Social Security Administration office in Redwood City, California. Sundry Photography/iStock

Unions Dog SSA Leadership over Perceived Inaction on Workforce Order

More than a week after OPM issued guidance on reopening union contracts negotiated during the Trump administration, Social Security Administration officials are dragging their feet, union officials say.

Nearly two months after President Biden rescinded a series of Trump administration anti-union directives and instructed federal agencies to bargain with labor groups over a much wider scope of issues, union officials said the leadership of the Social Security Administration still isn’t doing enough to comply with the new administration’s plans for labor-management relations.

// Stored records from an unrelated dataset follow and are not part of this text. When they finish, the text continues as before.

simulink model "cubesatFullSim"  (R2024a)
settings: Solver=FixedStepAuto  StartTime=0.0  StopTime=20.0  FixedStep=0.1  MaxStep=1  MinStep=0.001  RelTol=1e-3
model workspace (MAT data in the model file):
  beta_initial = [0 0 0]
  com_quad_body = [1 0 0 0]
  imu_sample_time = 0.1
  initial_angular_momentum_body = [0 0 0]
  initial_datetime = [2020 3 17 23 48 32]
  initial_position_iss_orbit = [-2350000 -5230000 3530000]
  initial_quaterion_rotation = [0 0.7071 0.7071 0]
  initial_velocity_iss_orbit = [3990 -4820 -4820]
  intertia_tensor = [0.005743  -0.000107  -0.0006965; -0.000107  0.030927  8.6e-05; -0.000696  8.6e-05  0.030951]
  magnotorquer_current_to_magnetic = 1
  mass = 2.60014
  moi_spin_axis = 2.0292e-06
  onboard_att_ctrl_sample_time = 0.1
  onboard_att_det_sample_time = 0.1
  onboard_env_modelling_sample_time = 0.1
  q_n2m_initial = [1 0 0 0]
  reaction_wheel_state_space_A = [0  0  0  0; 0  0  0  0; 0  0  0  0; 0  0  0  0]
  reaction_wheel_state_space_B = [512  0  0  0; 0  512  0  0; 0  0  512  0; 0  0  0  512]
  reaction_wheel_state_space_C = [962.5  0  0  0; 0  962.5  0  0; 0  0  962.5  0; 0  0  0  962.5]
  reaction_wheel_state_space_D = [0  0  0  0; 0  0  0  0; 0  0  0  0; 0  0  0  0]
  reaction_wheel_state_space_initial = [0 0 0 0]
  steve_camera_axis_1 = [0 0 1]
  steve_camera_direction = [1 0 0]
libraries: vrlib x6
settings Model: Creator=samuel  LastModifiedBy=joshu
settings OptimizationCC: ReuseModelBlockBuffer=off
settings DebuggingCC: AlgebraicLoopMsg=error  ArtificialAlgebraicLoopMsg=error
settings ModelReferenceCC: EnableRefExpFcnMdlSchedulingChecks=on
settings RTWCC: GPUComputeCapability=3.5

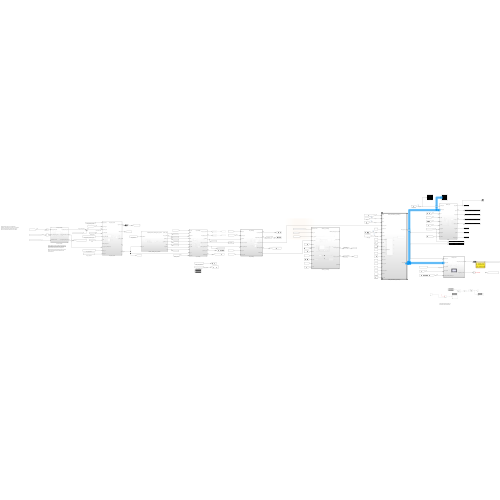
[thumbnail: Simulink's stored preview of the top-level diagram]
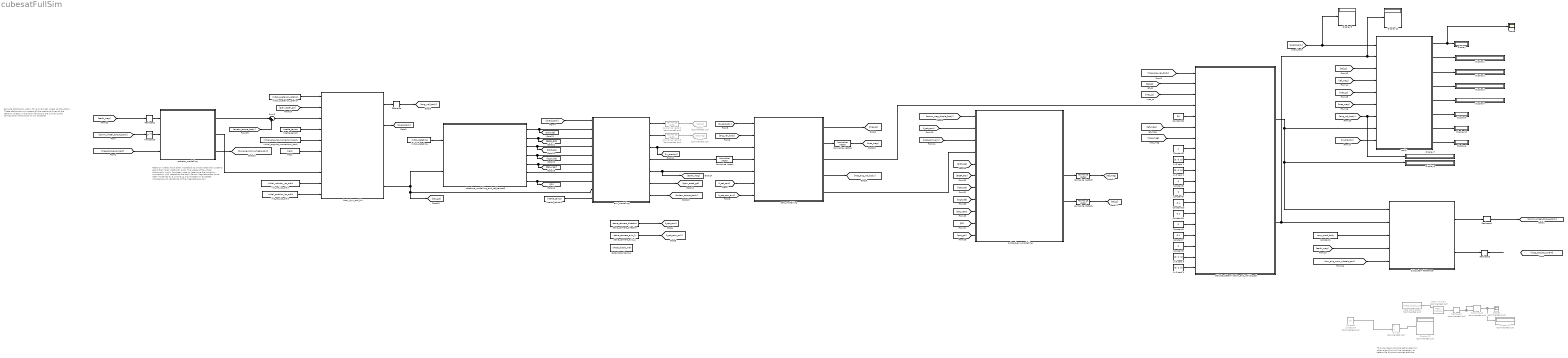
== system cubesatFullSim ==
  note: This provides a sample test quaternion, other algorithms will be necessary to determine this commanded attitude.
  note: Reaction wheels have been modelled as simple rotational systems about their local rotational axes. The usage of the wheel distribution matrix has been used to determine their angular momentum with respect to the body frame.
      |
      | Magnetorquers have been modelled as a simple LC circuit based on expected inductance and resistance of the magnetorquer coil.
  note: Sample distribution matrix for a pyramidal wheel configuration. These define the unit vectors of the rotational axes of the reaction wheels in the body frame and are similar to the configuration employed on our CubeSat.
  1x3 zero {1..4} (4 alike) : Constant  Value=[0, 0, 0]
  Constant : Constant  Commented=on  Value=2.0292e-6
  Constant1 : Constant  Value=com_quad_body
  Constant10 : Constant  Value=0.1
  Constant11 : Constant  Value=0.1
  Constant12 : Constant  Value=90
  Constant3 : Constant  OutDataTypeStr=boolean
  Constant5 : Constant  Value=0  OutDataTypeStr=boolean
  Constant6 : Constant  Value=0  OutDataTypeStr=boolean
  Constant7 : Constant  Value=0.1
  Constant8 : Constant  Value=0  OutDataTypeStr=boolean
  Constant9 : Constant  Value=0
  Data Store Memory : DataStoreMemory  DataStoreName=wheel_distrib_mat  WriteAfterWriteMsg=warning  InitialValue=[0.5736 0.5736 0.5736 0.5736 ; 0.8192 -0.8192 0 0 ; 0 0 0.8192 -0.8192]  ShowAdditionalParam=off
  Data Store Read1 : DataStoreRead  Commented=on  DataStoreName=wheel_distrib_mat  IndexOptions=Index vector (dialog)  Indices=1  OutputSizes=1
  Display{,1..11} (12 alike) : Display
  Display12 : Display  Commented=on
  Display13 : Display  Commented=on
  Divide : Product  Commented=on  Inputs=*/
  Dot Product : DotProduct  Commented=on  OutDataTypeStr=Inherit: Inherit via internal rule
  Goto7 : Goto  Commented=on  GotoTag=ref_ss
  Goto8 : Goto  Commented=on  GotoTag=ref_mag
  Matrix Multiply : Product  Commented=on  Multiplication=Matrix(*)
  Normalize Vector{,4..6} (4 alike) : vrlib/Utilities/Normalize Vector  maxzero=0
  Normalize Vector2 : vrlib/Utilities/Normalize Vector  Commented=on  maxzero=0
  Normalize Vector3 : vrlib/Utilities/Normalize Vector  Commented=on  maxzero=0
  Reshape : Reshape  OutputDimensionality=Row vector (2-D)
  Reshape1 : Reshape  OutputDimensionality=Row vector (2-D)
  Reshape2 : Reshape
  Reshape3 : Reshape
  Reshape5 : Reshape  Commented=on
  Scope : Scope
  Scope1 : Scope  Commented=on
  Subsystem Reference : Subsystem  TreatAsAtomicUnit=on  SystemSampleTime=onboard_att_ctrl_sample_time  ReferencedSubsystem=attitude_control
  Sum3 : Sum  Inputs=|++
  Transpose : Math  Operator=transpose
  Verify : Subsystem  ReferencedSubsystem=MEKF_verify
  actuator_modelling : Subsystem  ReferencedSubsystem=actuator_modelling
  attitude_determination_and_vehicle_est : Subsystem  TreatAsAtomicUnit=on  SystemSampleTime=onboard_att_det_sample_time  ReferencedSubsystem=attitude_determination_and_vehicle_est
      settings: PortSchema="{\"entries\":[{\"content\":{\"sides\":[{\"content\":{\"connectorIds\":[\"In1\",\"In2\",\"In3\",\"In4\",\"In15\",\"In5\",\"In6\",\"In7\",\"In8\",\"In9\",\"In10\",\"In11\",\"In12\",\"In13\",\"In14\",\"In16\",\"In17\",\"In18\",\"In19\"]},\"type\":\"ConnectorPlacement.EquallySpacedRectSide\",\"uuid\":\"3b22937b-158d-42bc-8266-221df4d5bb4f\"},{\"content\":{\"connectorIds\":[\"Out1\",\"Out2\"],\"side\":\"RIGHT\"},\"type\":\"ConnectorPlacement.EquallySpacedRectSide\",\"uuid\":\"2d7976b0-5d09-4ece-a5b5-6f5d6f0d46dd\"},{\"content\":{\"side\":\"TOP\"},\"type\":\"ConnectorPlacement.EquallySpacedRectSide\",\"uuid\":\"411abe81-91ab-4e83-a0ca-8600290f09f5\"}]},\"type\":\"ConnectorPlacement.EquallySpacedConnector\",\"uuid\":\"dff24d4c-a30b-41c1-92cc-a12930c50369\"}],\"packageUris\":[\"http://schema.mathworks.com/mf0/Connector/R2020b\"],\"version\":\"1.0\"}"
  body_dyn_and_kin : Subsystem  ReferencedSubsystem=body_dyn_and_kin
  datetime_modelling_and_ref_frames3 : Subsystem  ReferencedSubsystem=simplified_datetime_modelling_and_ref_frames
      settings: PortSchema="{\"entries\":[{\"content\":{\"sides\":[{\"content\":{\"connectorIds\":[\"In2\",\"In1\"]},\"type\":\"ConnectorPlacement.EquallySpacedRectSide\",\"uuid\":\"e6c4fb03-cad9-4384-b821-fab58a668bd5\"},{\"content\":{\"connectorIds\":[\"Out1\",\"Out2\",\"Out3\",\"Out4\",\"Out5\",\"Out6\",\"Out7\"],\"side\":\"RIGHT\"},\"type\":\"ConnectorPlacement.EquallySpacedRectSide\",\"uuid\":\"c6ed57d1-3bbe-4ef1-9925-a8ddf941e286\"},{\"content\":{\"side\":\"TOP\"},\"type\":\"ConnectorPlacement.EquallySpacedRectSide\",\"uuid\":\"f0e9b78b-8ccd-47fe-a025-ec59d36b78b7\"}]},\"type\":\"ConnectorPlacement.EquallySpacedConnector\",\"uuid\":\"673881b9-a40b-4646-b599-6ee2b2fc2b79\"}],\"packageUris\":[\"http://schema.mathworks.com/mf0/Connector/R2020b\"],\"version\":\"1.0\"}"
  env_modelling : Subsystem  ReferencedSubsystem=env_modelling
      settings: PortSchema="{\"entries\":[{\"content\":{\"sides\":[{\"content\":{\"connectorIds\":[\"In1\",\"In2\",\"In3\",\"In4\",\"In5\",\"In6\",\"In7\",\"In8\",\"In9\",\"In10\"]},\"type\":\"ConnectorPlacement.EquallySpacedRectSide\",\"uuid\":\"69fdfc0c-3415-4b98-a585-21dadab8ad42\"},{\"content\":{\"connectorIds\":[\"Out6\",\"Out5\",\"Out7\",\"Out4\",\"Out1\",\"Out2\",\"Out3\"],\"side\":\"RIGHT\"},\"type\":\"ConnectorPlacement.EquallySpacedRectSide\",\"uuid\":\"35c72ffa-2208-482d-8bc9-9a3522b3246b\"},{\"content\":{\"side\":\"TOP\"},\"type\":\"ConnectorPlacement.EquallySpacedRectSide\",\"uuid\":\"fd836a88-7f67-46c6-bc0e-0e53b2a2ba50\"}]},\"type\":\"ConnectorPlacement.EquallySpacedConnector\",\"uuid\":\"e74cc8e6-fb32-4c0f-8b27-d3f42cefd01b\"}],\"packageUris\":[\"http://schema.mathworks.com/mf0/Connector/R2020b\"],\"version\":\"1.0\"}"
  init_pos_iss_orbit : Constant  Value=initial_position_iss_orbit
  init_vel_iss_orbit : Constant  Value=initial_velocity_iss_orbit
  initial_angular_momentum_body : Constant  Value=initial_angular_momentum_body
  initial_datetime : Constant  Value=initial_datetime
  initial_quaterion_rotation : Constant  Value=initial_quaterion_rotation
  intertia_tensor : Constant  Value=intertia_tensor
  intertia_tensor1 : Constant  Value=intertia_tensor
  mass : Constant  Value=mass
  onboad_env_modelling : Subsystem  TreatAsAtomicUnit=on  SystemSampleTime=onboard_env_modelling_sample_time  ReferencedSubsystem=onboad_env_modelling
  sens_modelling : Subsystem  TreatAsAtomicUnit=on  ReferencedSubsystem=sens_modelling
      settings: PortSchema="{\"entries\":[{\"content\":{\"sides\":[{\"content\":{\"connectorIds\":[\"In4\",\"In3\",\"In7\",\"In2\",\"In1\",\"In5\",\"In6\"]},\"type\":\"ConnectorPlacement.EquallySpacedRectSide\",\"uuid\":\"1307c19a-9f54-4413-9c06-018e98633941\"},{\"content\":{\"connectorIds\":[\"Out2\",\"Out1\",\"Out5\",\"Out3\",\"Out4\"],\"side\":\"RIGHT\"},\"type\":\"ConnectorPlacement.EquallySpacedRectSide\",\"uuid\":\"4c634e96-4716-461b-adc9-f119018e3bb1\"},{\"content\":{\"side\":\"TOP\"},\"type\":\"ConnectorPlacement.EquallySpacedRectSide\",\"uuid\":\"0faf9cb0-e5fc-4cda-b249-42192f8504a8\"}]},\"type\":\"ConnectorPlacement.EquallySpacedConnector\",\"uuid\":\"414b1f49-1139-45d6-afb0-1a6007e1eaa7\"}],\"packageUris\":[\"http://schema.mathworks.com/mf0/Connector/R2020b\"],\"version\":\"1.0\"}"
  steve_camera_axis_1 : Constant  Value=steve_camera_axis_1
  steve_camera_direction : Constant  Value=steve_camera_direction
  wires:
  intertia_tensor/1 -> body_dyn_and_kin/4
  actuator_modelling/1 -> Sum3/1  "mag_act_torque_body"
  Sum3/1 -> body_dyn_and_kin/3  "tot_ext_mom_body"
  initial_angular_momentum_body/1 -> body_dyn_and_kin/5
  mass/1 -> body_dyn_and_kin/6
  actuator_modelling/2 -> body_dyn_and_kin/8
  init_vel_iss_orbit/1 -> body_dyn_and_kin/9
  init_pos_iss_orbit/1 -> body_dyn_and_kin/10
  attitude_determination_and_vehicle_est/1 -> Verify/8, Display8/1, Subsystem Reference/1
  attitude_determination_and_vehicle_est/2 -> Display11/1, Verify/2, Subsystem Reference/2  "meas_quat_body"
  Transpose/1 -> actuator_modelling/2
  Constant1/1 -> Subsystem Reference/3  "com_quat_body"
  Subsystem Reference/2 -> Reshape3/1
  [earth_mag] -> Reshape2/1
  sens_modelling/5 -> attitude_determination_and_vehicle_est/4
  1x3 zero 1/1 -> attitude_determination_and_vehicle_est/8
  1x3 zero 2/1 -> attitude_determination_and_vehicle_est/9
  Constant6/1 -> attitude_determination_and_vehicle_est/11
  Constant3/1 -> attitude_determination_and_vehicle_est/7
  Constant5/1 -> attitude_determination_and_vehicle_est/10
  Constant7/1 -> attitude_determination_and_vehicle_est/16
  Constant8/1 -> attitude_determination_and_vehicle_est/17
  Constant9/1 -> attitude_determination_and_vehicle_est/14
  Constant10/1 -> attitude_determination_and_vehicle_est/12
  Constant11/1 -> attitude_determination_and_vehicle_est/13
  1x3 zero 3/1 -> attitude_determination_and_vehicle_est/18
  1x3 zero 4/1 -> attitude_determination_and_vehicle_est/19
  initial_quaterion_rotation/1 -> body_dyn_and_kin/1
  body_dyn_and_kin/1 -> Reshape/1
  Subsystem Reference/1 -> Reshape1/1
  datetime_modelling_and_ref_frames3/6 -> env_modelling/7
  datetime_modelling_and_ref_frames3/2 -> [ECEF_GCI], env_modelling/3
  datetime_modelling_and_ref_frames3/3 -> [latitude], env_modelling/4
  datetime_modelling_and_ref_frames3/5 -> [dec_year], env_modelling/6
  datetime_modelling_and_ref_frames3/7 -> env_modelling/8, [JD]
  datetime_modelling_and_ref_frames3/1 -> [altitude], env_modelling/2
  datetime_modelling_and_ref_frames3/4 -> [logitude], env_modelling/5
  body_dyn_and_kin/5 -> datetime_modelling_and_ref_frames3/1, [pos_gci], env_modelling/9  "pos_gci"
  env_modelling/4 -> Normalize Vector/1
  [comm_wheel_torque_body] -> Transpose/1
  [mag_torquer_current] -> actuator_modelling/3
  [ang_vel_body] -> sens_modelling/3
  steve_camera_direction/1 -> [r_sat_com]
  steve_camera_axis_1/1 -> [r_sat_com_ax1]  "r_sat_com_ax1"
  [r_sat_com] -> sens_modelling/5
  [r_sat_com_ax1] -> sens_modelling/6
  sens_modelling/4 -> onboad_env_modelling/4
  [comm_mag_dipole_body] -> onboad_env_modelling/1
  [r_sat_com_ax1] -> onboad_env_modelling/3
  [r_sat_com] -> onboad_env_modelling/2
  env_modelling/6 -> Normalize Vector2/1
  Normalize Vector3/1 -> Goto8/1
  sens_modelling/1 -> Normalize Vector4/1
  Normalize Vector4/1 -> [mes_mag]
  sens_modelling/2 -> [mes_ss]
  body_dyn_and_kin/2 -> [quad_body]
  Reshape/1 -> [ang_vel_body]
  [mes_ang_vel_body] -> attitude_determination_and_vehicle_est/1
  Normalize Vector2/1 -> Goto7/1
  Constant12/1 -> attitude_determination_and_vehicle_est/15
  Normalize Vector/1 -> sens_modelling/2
  env_modelling/1 -> [earth_mag], sens_modelling/1
  env_modelling/7 -> [in_shadow], sens_modelling/7
  sens_modelling/3 -> [mes_ang_vel_body]
  [quad_body] -> Display5/1, Verify/1  "quad_body"
  [ang_vel_body] -> Verify/7, Display7/1
  [ref_ss] -> Verify/3
  [ref_mag] -> Verify/4
  [mes_ss] -> Verify/5
  [mes_mag] -> Verify/6
  Verify/1 -> Scope/1, Display/1
  Verify/2 -> Display1/1
  Verify/3 -> Display2/1
  Verify/4 -> Display3/1
  Verify/5 -> Display4/1
  Verify/8 -> Display6/1
  [in_shadow] -> Verify/9
  Verify/7 -> Display10/1
  Verify/6 -> Display9/1
  [mes_ss] -> attitude_determination_and_vehicle_est/3  "mes_ss"
  [mes_mag] -> attitude_determination_and_vehicle_est/6  "mes_mag"
  [ref_ss] -> attitude_determination_and_vehicle_est/2  "ref_ss"
  [ref_mag] -> attitude_determination_and_vehicle_est/5  "ref_mag"
  [quad_body] -> env_modelling/1
  [quad_body] -> sens_modelling/4
  env_modelling/2 -> [grav_accel_gci]
  env_modelling/3 -> [extern_torque_body]
  Reshape2/1 -> actuator_modelling/1
  [earth_mag] -> Subsystem Reference/4
  [grav_accel_gci] -> body_dyn_and_kin/2
  [extern_torque_body] -> Sum3/2
  actuator_modelling/3 -> [curr_ang_mom_wheels_spin]
  env_modelling/5 -> Normalize Vector3/1
  Reshape3/1 -> ?
  Data Store Read1/1 -> Matrix Multiply/1
  Matrix Multiply/1 -> Reshape5/1
  Dot Product/1 -> Display13/1, Scope1/1
  Reshape5/1 -> Dot Product/1, Dot Product/2
  Constant/1 -> Divide/2
  Divide/1 -> Display12/1
  initial_datetime/1 -> datetime_modelling_and_ref_frames3/2
  [JD] -> onboad_env_modelling/10
  [logitude] -> onboad_env_modelling/8
  [dec_year] -> onboad_env_modelling/9
  [pos_gci] -> onboad_env_modelling/11
  [latitude] -> onboad_env_modelling/7
  [ECEF_GCI] -> onboad_env_modelling/6
  [altitude] -> onboad_env_modelling/5
  intertia_tensor1/1 -> env_modelling/10
  [curr_ang_mom_wheels_spin] -> Subsystem Reference/5
  ? -> Divide/1
  onboad_env_modelling/3 -> Normalize Vector5/1
  onboad_env_modelling/4 -> Normalize Vector6/1
  Normalize Vector6/1 -> [ref_ss]
  Normalize Vector5/1 -> [ref_mag]
  Reshape1/1 -> [comm_wheel_torque_body]

On Biden’s third day in office, he signed an executive order that rescinded the Trump administration’s federal workforce policies and ordered agencies to engage in so-called “permissive bargaining,” a term that refers to a wide array of workplace issues that traditionally can be subject to negotiation only at the discretion of an agency head. But in the days and weeks that followed, many agencies failed to turn over a new leaf in the labor-management arena, saying they required additional guidance from their legal teams and the Office of Personnel Management.

On March 5, Acting OPM Director Kathleen McGettigan issued that guidance, and the message to agencies was clear: If you have implemented a union contract enforcing elements of President Trump’s workforce policies, you must reopen the agreement and negotiate with the union.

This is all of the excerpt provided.